__WHAT YOU HAVE TO DO__
The word to find is "ezdxf". State how many lines below contain it, giving only the number.

__RECORDS SHOWN__

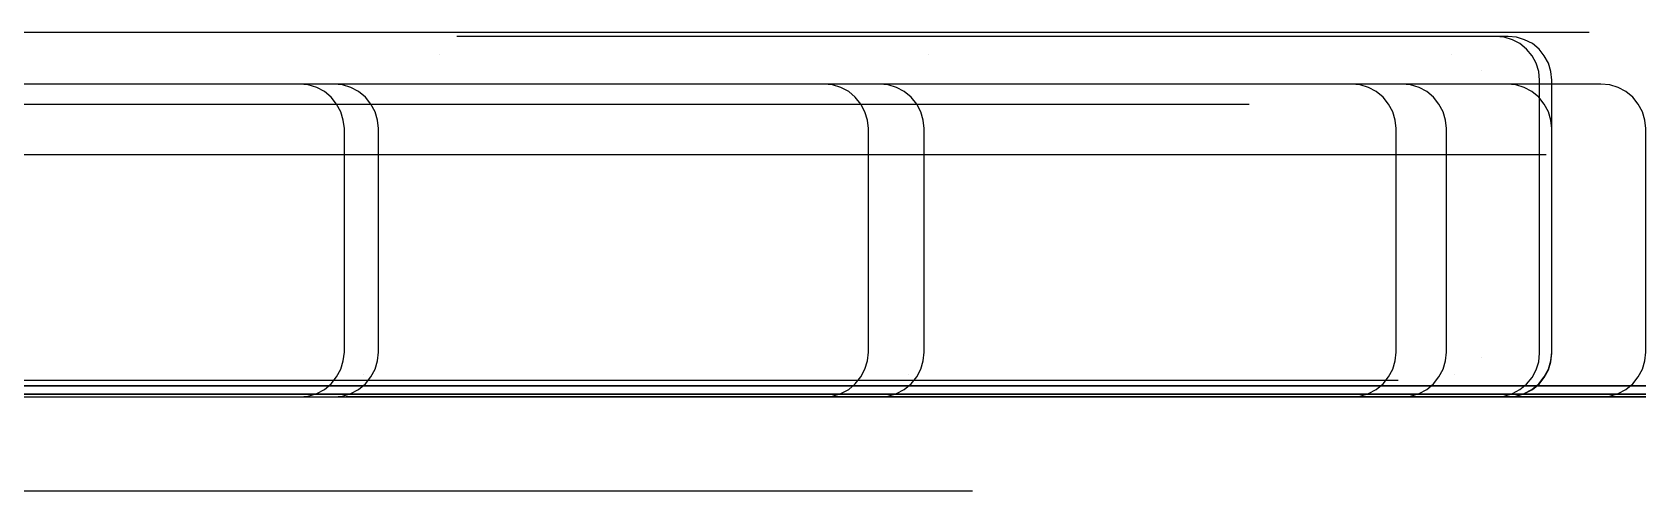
# Model space of a CAD drawing. Header units: metres. Extents: x 4 to 2154, y 0 to 166.
# Drawn here: x 1571 to 2154, y 0 to 166 of the extents above; entities that cross this region are included whole.
import ezdxf

# ---------------------------------------------------------------- set-up
doc = ezdxf.new("R2010")
doc.units = ezdxf.units.M
for name, color, linetype in [('RBAR-T10-I', 2, 'Continuous'), ('RBAR-T12-D', 3, 'Continuous'), ('RBAR-T12-D1', 3, 'Continuous'), ('RBAR-T16-E', 4, 'Continuous'), ('RBAR-T16-F', 4, 'Continuous'), ('RBAR-T16-F1', 4, 'Continuous'), ('RBAR-T20-G', 5, 'Continuous'), ('RBAR-T8-A', 1, 'Continuous'), ('RBAR-T8-A1', 1, 'Continuous'), ('RBAR-T8-A3', 1, 'Continuous'), ('RBAR-T8-B', 1, 'Continuous'), ('RBAR-T8-B1', 1, 'Continuous'), ('RBAR-T8-B2', 1, 'Continuous'), ('RBAR-T8-C', 1, 'Continuous'), ('RBAR-T8-H', 1, 'Continuous')]:
    doc.layers.add(name, color=color, linetype=linetype)

msp = doc.modelspace()

# ---------------------------------------------------------------- linework, layer by layer
at = {"layer": 'RBAR-T10-I'}
for points in [[(1837.2, 35, 323.5), (2011.4, 35, 323.5), (2015.2, 35, 323.1), (2019, 35, 322), (2022.4, 35, 320.1), (2025.4, 35, 317.7), (2027.9, 35, 314.6), (2029.8, 35, 311.2), (2030.9, 35, 307.5), (2031.3, 35, 303.6), (2031.3, 35, 19.9), (2030.9, 35, 16), (2029.8, 35, 12.3), (2027.9, 35, 8.8), (2025.4, 35, 5.8), (2022.4, 35, 3.4), (2019, 35, 1.5), (2015.2, 35, 0.4), (2011.4, 35, 0), (1319.6, 35, 0)], [(1319.6, 35, 303.6), (2031.3, 35, 303.6)], [(1925.4, 35, 323.5), (2099.6, 35, 323.5), (2103.5, 35, 323.1), (2107.2, 35, 322), (2110.7, 35, 320.1), (2113.7, 35, 317.7), (2116.1, 35, 314.6), (2118, 35, 311.2), (2119.1, 35, 307.5), (2119.5, 35, 303.6), (2119.5, 35, 19.9), (2119.1, 35, 16), (2118, 35, 12.3), (2116.1, 35, 8.8), (2113.7, 35, 5.8), (2110.7, 35, 3.4), (2107.2, 35, 1.5), (2103.5, 35, 0.4), (2099.6, 35, 0), (1407.8, 35, 0)], [(1407.8, 35, 303.6), (2119.5, 35, 303.6)], [(1925.4, 35, 323.5), (2099.6, 35, 323.5), (2103.5, 35, 323.1), (2107.2, 35, 322), (2110.7, 35, 320.1), (2113.7, 35, 317.7), (2116.1, 35, 314.6), (2118, 35, 311.2), (2119.1, 35, 307.5), (2119.5, 35, 303.6), (2119.5, 35, 19.9), (2119.1, 35, 16), (2118, 35, 12.3), (2116.1, 35, 8.8), (2113.7, 35, 5.8), (2110.7, 35, 3.4), (2107.2, 35, 1.5), (2103.5, 35, 0.4), (2099.6, 35, 0), (1407.8, 35, 0)], [(1407.8, 35, 303.6), (2119.5, 35, 303.6)], [(1925.4, 35, 323.5), (2099.6, 35, 323.5), (2103.5, 35, 323.1), (2107.2, 35, 322), (2110.7, 35, 320.1), (2113.7, 35, 317.7), (2116.1, 35, 314.6), (2118, 35, 311.2), (2119.1, 35, 307.5), (2119.5, 35, 303.6), (2119.5, 35, 19.9), (2119.1, 35, 16), (2118, 35, 12.3), (2116.1, 35, 8.8), (2113.7, 35, 5.8), (2110.7, 35, 3.4), (2107.2, 35, 1.5), (2103.5, 35, 0.4), (2099.6, 35, 0), (1407.8, 35, 0)], [(1407.8, 35, 303.6), (2119.5, 35, 303.6)], [(1925.4, 35, 323.5), (2099.6, 35, 323.5), (2103.5, 35, 323.1), (2107.2, 35, 322), (2110.7, 35, 320.1), (2113.7, 35, 317.7), (2116.1, 35, 314.6), (2118, 35, 311.2), (2119.1, 35, 307.5), (2119.5, 35, 303.6), (2119.5, 35, 19.9), (2119.1, 35, 16), (2118, 35, 12.3), (2116.1, 35, 8.8), (2113.7, 35, 5.8), (2110.7, 35, 3.4), (2107.2, 35, 1.5), (2103.5, 35, 0.4), (2099.6, 35, 0), (1407.8, 35, 0)], [(1407.8, 35, 303.6), (2119.5, 35, 303.6)], [(1925.4, 35, 323.5), (2099.6, 35, 323.5), (2103.5, 35, 323.1), (2107.2, 35, 322), (2110.7, 35, 320.1), (2113.7, 35, 317.7), (2116.1, 35, 314.6), (2118, 35, 311.2), (2119.1, 35, 307.5), (2119.5, 35, 303.6), (2119.5, 35, 19.9), (2119.1, 35, 16), (2118, 35, 12.3), (2116.1, 35, 8.8), (2113.7, 35, 5.8), (2110.7, 35, 3.4), (2107.2, 35, 1.5), (2103.5, 35, 0.4), (2099.6, 35, 0), (1407.8, 35, 0)], [(1407.8, 35, 303.6), (2119.5, 35, 303.6)], [(1960.4, 35, 323.5), (2134.6, 35, 323.5), (2138.5, 35, 323.1), (2142.2, 35, 322), (2145.7, 35, 320.1), (2148.7, 35, 317.7), (2151.1, 35, 314.6), (2153, 35, 311.2), (2154.1, 35, 307.5), (2154.5, 35, 303.6), (2154.5, 35, 19.9), (2154.1, 35, 16), (2153, 35, 12.3), (2151.1, 35, 8.8), (2148.7, 35, 5.8), (2145.7, 35, 3.4), (2142.2, 35, 1.5), (2138.5, 35, 0.4), (2134.6, 35, 0), (1442.8, 35, 0)], [(1442.8, 35, 303.6), (2154.5, 35, 303.6)]]:
    msp.add_polyline3d(points, dxfattribs=at)
at = {"layer": 'RBAR-T12-D'}
for points in [[(243.5, 121.7, 0), (2118.5, 121.7, 0)], [(36, 0, 0), (1911, 0, 0)], [(36, 0, 0), (1911, 0, 0)]]:
    msp.add_polyline3d(points, dxfattribs=at)
at = {"layer": 'RBAR-T12-D1'}
for points in [[(36, 140, 0), (2011, 140, 0)], [(36, 121.7, 0), (2011, 121.7, 0)]]:
    msp.add_polyline3d(points, dxfattribs=at)
at = {"layer": 'RBAR-T16-E'}
for points in [[(2095.2, 152, 57), (2095.2, 152, 5057)], [(2095.2, 48.2, 57), (2095.2, 48.2, 5057)]]:
    msp.add_polyline3d(points, dxfattribs=at)
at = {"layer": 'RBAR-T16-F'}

__SOLUTION__
3